# What to work on
Search the records for the word "import" and copy each line in which it appears.
----------------
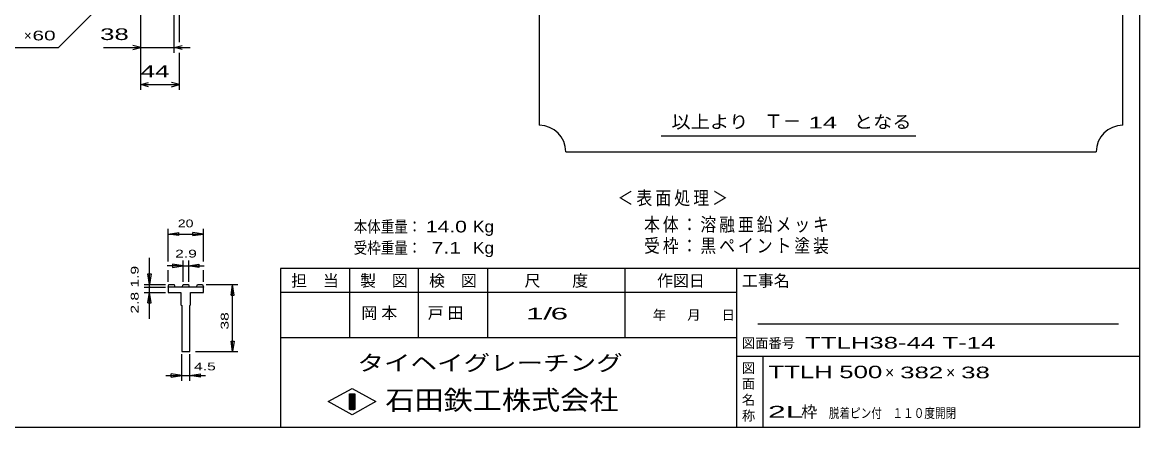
# Model space of a CAD drawing. Units: millimetres, scale not verified, with parts at other scales. Extents: x -1092 to 1039, y -770 to 632.
# Drawn here: x -225 to 1039, y -688 to -230 of the extents above; entities that cross this region are included whole.
import ezdxf
from ezdxf.enums import TextEntityAlignment as Align

# ---------------------------------------------------------------- set-up
doc = ezdxf.new("R2010")
doc.units = ezdxf.units.MM
doc.header["$LTSCALE"] = 6
for name, color, linetype, lineweight in [('0_2', 150, 'Continuous', 25), ('22', 4, 'Continuous', 25), ('32', 4, 'Continuous', 25), ('50', 2, 'Continuous', 25)]:
    doc.layers.add(name, color=color, linetype=linetype, lineweight=lineweight)
doc.styles.add('ベクトル', font='')
doc.styles.get('ベクトル').set_extended_font_data('ベクトル')

msp = doc.modelspace()

# ---------------------------------------------------------------- linework, layer by layer
at = {"layer": '0_2'}
for p, q in [((1038.6, 632.1), (1038.6, -687.9)), ((1038.6, -507.9), (66.6, -507.9)), ((66.6, -507.9), (66.6, -687.9)), ((144.6, -507.9), (144.6, -585.9)), ((222.6, -585.9), (222.6, -507.9)), ((300.6, -507.9), (300.6, -585.9)), ((456.6, -585.9), (456.6, -507.9)), ((582.6, -507.9), (582.6, -687.9)), ((582.6, -534.9), (66.6, -534.9)), ((1014.6, -570.9), (606.6, -570.9)), ((66.6, -585.9), (582.6, -585.9)), ((582.6, -606.9), (1038.6, -606.9)), ((612.6, -687.9), (612.6, -606.9)), ((120.6, -658.5), (147.6, -643.5)), ((147.6, -643.5), (174.6, -658.5)), ((144.6, -649.5), (150.6, -649.5)), ((144.6, -667.5), (144.6, -649.5)), ((144.6, -649.5), (145.8, -649.5)), ((145.8, -649.5), (145.8, -667.5)), ((147, -667.5), (147, -649.5)), ((147, -649.5), (148.2, -649.5)), ((148.2, -649.5), (148.2, -667.5)), ((149.4, -667.5), (149.4, -649.5)), ((149.4, -649.5), (150.6, -649.5)), ((150.6, -649.5), (150.6, -667.5)), ((150.6, -649.5), (150.6, -667.5)), ((147.6, -673.5), (120.6, -658.5)), ((150.6, -667.5), (144.6, -667.5)), ((145.8, -667.5), (147, -667.5)), ((174.6, -658.5), (147.6, -673.5)), ((148.2, -667.5), (149.4, -667.5)), ((1038.6, -687.9), (-1037.4, -687.9))]:
    msp.add_line(p, q, dxfattribs=at)
at = {"layer": '22'}
for p, q in [((-184.6, -257.9), (-94.6, -167.9)), ((-91.6, -263.9), (-91.6, -167.9)), ((-91.6, -305.9), (-91.6, -167.9)), ((-53.6, -263.9), (-53.6, -178.3)), ((-47.6, -251.9), (-47.6, -178.3)), ((-304.6, -257.9), (-184.6, -257.9)), ((-133.6, -257.9), (-91.6, -257.9)), ((-91.6, -257.9), (-100.6, -255.5)), ((-100.6, -260.3), (-91.6, -257.9)), ((-91.6, -257.9), (-53.6, -257.9)), ((-53.6, -257.9), (-44.6, -255.5)), ((-44.6, -260.3), (-53.6, -257.9)), ((-53.6, -257.9), (-35.6, -257.9)), ((-47.6, -305.9), (-47.6, -263.9)), ((-91.6, -299.9), (-82.6, -297.5)), ((-82.6, -302.3), (-91.6, -299.9)), ((-91.6, -299.9), (-47.6, -299.9)), ((-47.6, -299.9), (-56.6, -297.5)), ((-56.6, -302.3), (-47.6, -299.9))]:
    msp.add_line(p, q, dxfattribs=at)
at = {"layer": '32'}
for p, q in [((-60.6, -500.1), (-60.6, -462.9)), ((-60.6, -468.9), (-48.6, -467.1)), ((-48.6, -470.7), (-48.6, -467.1)), ((-20.6, -468.9), (-32.6, -467.1)), ((-32.6, -470.7), (-32.6, -467.1)), ((-20.6, -500.1), (-20.6, -462.9)), ((-48.6, -470.7), (-60.6, -468.9)), ((-60.6, -468.9), (-20.6, -468.9)), ((-32.6, -470.7), (-20.6, -468.9)), ((-81.6, -525.9), (-81.6, -495.9)), ((-43.5, -504.9), (-61.5, -504.9)), ((-43.5, -504.9), (-55.5, -503.1)), ((-55.5, -503.1), (-55.5, -506.7)), ((-55.5, -506.7), (-43.5, -504.9)), ((-43.5, -522.9), (-43.5, -498.9)), ((-43.5, -504.9), (-37.7, -504.9)), ((-37.7, -498.9), (-37.7, -522.9)), ((-37.7, -504.9), (-25.7, -503.1)), ((-25.7, -506.7), (-37.7, -504.9)), ((-37.7, -504.9), (-19.7, -504.9)), ((-25.7, -503.1), (-25.7, -506.7)), ((-81.6, -525.9), (-83.4, -513.9)), ((-83.4, -513.9), (-79.8, -513.9)), ((-79.8, -513.9), (-81.6, -525.9)), ((-60.6, -522.9), (-60.6, -509.7)), ((-20.6, -522.9), (-20.6, -509.7)), ((-87.6, -525.9), (-63.6, -525.9)), ((-87.6, -528.9), (-63.6, -528.9)), ((-81.6, -534.9), (-81.6, -525.9)), ((-60.6, -528.9), (-59.6, -525.9)), ((-60.6, -528.9), (-60.6, -534.9)), ((-20.6, -528.9), (-60.6, -528.9)), ((-59.6, -525.9), (-53.8, -525.9)), ((-53.8, -525.9), (-52.8, -528.9)), ((-44.5, -528.9), (-43.5, -525.9)), ((-43.5, -525.9), (-37.7, -525.9)), ((-37.7, -525.9), (-36.7, -528.9)), ((-28.4, -528.9), (-27.4, -525.9)), ((-27.4, -525.9), (-21.6, -525.9)), ((-21.6, -525.9), (-20.6, -528.9)), ((-20.6, -534.9), (-20.6, -528.9)), ((-17.6, -525.9), (18.4, -525.9)), ((10.6, -537.9), (12.4, -525.9)), ((14.2, -537.9), (12.4, -525.9)), ((12.4, -601.9), (12.4, -525.9)), ((-87.6, -534.9), (-63.6, -534.9)), ((-83.4, -546.9), (-81.6, -534.9)), ((-79.8, -546.9), (-81.6, -534.9)), ((-81.6, -564.9), (-81.6, -534.9)), ((-60.6, -534.9), (-46.1, -534.9)), ((-46.1, -534.9), (-46.1, -548.9)), ((-35.1, -548.9), (-35.1, -534.9)), ((-35.1, -534.9), (-20.6, -534.9)), ((10.6, -537.9), (14.2, -537.9)), ((-83.4, -546.9), (-79.8, -546.9)), ((-46.1, -548.9), (-45.1, -549.9)), ((-45.1, -549.9), (-45.1, -601.9)), ((-36.1, -549.9), (-35.1, -548.9)), ((-36.1, -601.9), (-36.1, -549.9)), ((12.4, -601.9), (10.6, -589.9)), ((10.6, -589.9), (14.2, -589.9)), ((14.2, -589.9), (12.4, -601.9)), ((-45.1, -601.9), (-36.1, -601.9)), ((-45.1, -634.9), (-45.1, -604.9)), ((-36.1, -634.9), (-36.1, -604.9)), ((-29.6, -601.9), (18.4, -601.9)), ((-63.1, -628.9), (-45.1, -628.9)), ((-45.1, -628.9), (-57.1, -627.1)), ((-57.1, -630.7), (-57.1, -627.1)), ((-57.1, -630.7), (-45.1, -628.9)), ((-45.1, -628.9), (-36.1, -628.9)), ((-36.1, -628.9), (-24.1, -627.1)), ((-24.1, -630.7), (-36.1, -628.9)), ((-36.1, -628.9), (-18.1, -628.9)), ((-24.1, -630.7), (-24.1, -627.1))]:
    msp.add_line(p, q, dxfattribs=at)
msp.add_circle((-81.6, -528.9), 0.6, dxfattribs=at)
at = {"layer": '50', "color": 4}
for p, q in [((359.4, 584.1), (359.4, -345.9)), ((1019.4, -345.9), (1019.4, 584.1)), ((497.4, -357.9), (785.4, -357.9)), ((389.4, -375.9), (989.4, -375.9))]:
    msp.add_line(p, q, dxfattribs=at)
for centre, start, end in [((359.4, -375.9), 0, 90), ((1019.4, -375.9), 90, 180)]:
    msp.add_arc(centre, 30, start, end, dxfattribs=at)

# ---------------------------------------------------------------- texts
at = {"layer": '0_2', "style": 'ベクトル'}
for s, height, p in [('担\u3000当', 13.2, (78.6, -521.7)), ('製\u3000図', 13.2, (156.6, -521.7)), ('検\u3000図', 13.2, (234.6, -521.7)), ('尺\u3000\u3000度', 13.2, (342.6, -521.7)), ('作図日', 13.2, (492.6, -521.7)), ('工事名', 13.2, (588.6, -521.7)), ('年', 11, (487.8, -560.4)), ('月', 11, (526.8, -560.4)), ('日', 11, (565.8, -560.4)), ('図面番号', 11, (588.6, -592.2)), ('図', 11, (588.6, -620.4)), ('面', 11, (588.6, -638.4)), ('名', 11, (588.6, -656.4)), ('称', 11, (588.6, -674.4))]:
    msp.add_text(s, height=height, dxfattribs=at).set_placement(p, align=Align.MIDDLE_LEFT)
at = {"layer": '0_2', "color": 222, "style": 'ベクトル'}
for s, height, width, p in [('タイヘイグレーチング', 17.6, 1.25, (153.6, -614.7)), ('石田鉄工株式会社', 21.99, 1.1, (185.1, -656.7))]:
    msp.add_text(s, height=height, dxfattribs=dict(at, width=width)).set_placement(p, align=Align.MIDDLE_LEFT)
at = {"layer": '22', "color": 2, "style": 'ベクトル'}
for s, height, width, p in [(' 60 ', 11, 1.6, (-220.6, -244.4)), (' 38 ', 13.2, 1.65, (-145.6, -242.9)), (' 44 ', 13.2, 1.65, (-99.6, -284.9)), ('1/', 13.2, 2, (344.4, -558.9)), (' 6 ', 13.2, 2, (362.4, -558.9)), ('TTLH38-44 T-14                ', 13.2, 1.65, (660, -591.9)), ('TTLH', 14.08, 1.55, (618.6, -624.9)), (' 500 ', 14.08, 1.55, (690.6, -624.9)), (' 382 ', 13.2, 1.65, (759.6, -625.5)), (' 38 ', 13.2, 1.65, (828.6, -625.5)), ('2L', 13.2, 2.05, (618, -669.9)), ('脱着', 11, 0.8, (687, -671.4)), ('ピン付', 11, 0.8, (711, -671.4)), ('\u3000１１０度開閉', 11, 0.8, (747, -671.4))]:
    msp.add_text(s, height=height, dxfattribs=dict(at, width=width)).set_placement(p, align=Align.MIDDLE_LEFT)
for s, height, p in [('×', 11, (-223.6, -244.4)), ('×', 13.2, (750.6, -625.5)), ('×', 13.2, (819.6, -625.5)), ('枠', 13.2, (655.8, -669.9))]:
    msp.add_text(s, height=height, dxfattribs=at).set_placement(p, align=Align.MIDDLE_LEFT)
at = {"layer": '22', "color": 2, "char_height": 13.2, "attachment_point": 4, "style": 'ベクトル'}
for s, insert in [('\\T1.25;岡本\u3000', (158.1, -558.9)), ('\\T1.25;戸田\u3000', (233.1, -558.9))]:
    msp.add_mtext(s, dxfattribs=dict(at, insert=insert))
at = {"layer": '32', "color": 2, "style": 'ベクトル'}
for s, width, p in [('20', 1.35, (-49.6, -456.9)), ('2.9', 1.5, (-52.6, -491.1)), (' 4.5 ', 1.5, (-36.1, -618.7))]:
    msp.add_text(s, height=8.798, dxfattribs=dict(at, width=width)).set_placement(p, align=Align.MIDDLE_LEFT)
at = {"layer": '32', "color": 2, "style": 'ベクトル', "width": 1.5}
for s, p in [('2.8 1.9', (-98.4, -558.9)), (' 38 ', (3.4, -581.9))]:
    msp.add_text(s, height=8.798, rotation=90, dxfattribs=at).set_placement(p, align=Align.MIDDLE_LEFT)
at = {"layer": '50', "style": 'ベクトル'}
for s, height, width, p in [('以上より\u3000', 14.52, 1.1, (508.8, -342)), (' 14 ', 13.2, 1.65, (655.8, -342.9)), ('となる', 14.52, 1.1, (715.2, -342)), ('本体重量：', 13.2, 0.85, (149.4, -460.5)), (' 14.0', 13.2, 1.35, (224.4, -460.5)), ('Kg', 13.2, 1.1, (284.4, -460.5)), ('受枠重量：', 13.2, 0.85, (149.4, -484.5)), ('  7.1', 13.2, 1.35, (224.4, -484.5)), ('Kg', 13.2, 1.1, (284.4, -484.5))]:
    msp.add_text(s, height=height, dxfattribs=dict(at, width=width)).set_placement(p, align=Align.MIDDLE_LEFT)
msp.add_text('Ｔ－', height=15.4, dxfattribs=at).set_placement((613.8, -341.4), align=Align.MIDDLE_LEFT)
at = {"layer": '50', "char_height": 15.4, "attachment_point": 4, "style": 'ベクトル'}
for s, insert in [('\\T1.2;\\W0.85;＜表面処理＞', (447.9, -429)), ('\\T1.19;\\W0.85;本体：溶融亜鉛メッキ', (477.9, -459)), ('\\T1.19;\\W0.85;受枠：黒ペイント塗装', (477.9, -483))]:
    msp.add_mtext(s, dxfattribs=dict(at, insert=insert))

doc.saveas('drawing.dxf')
----------------
# Your response
import ezdxf
from ezdxf.enums import TextEntityAlignment as Align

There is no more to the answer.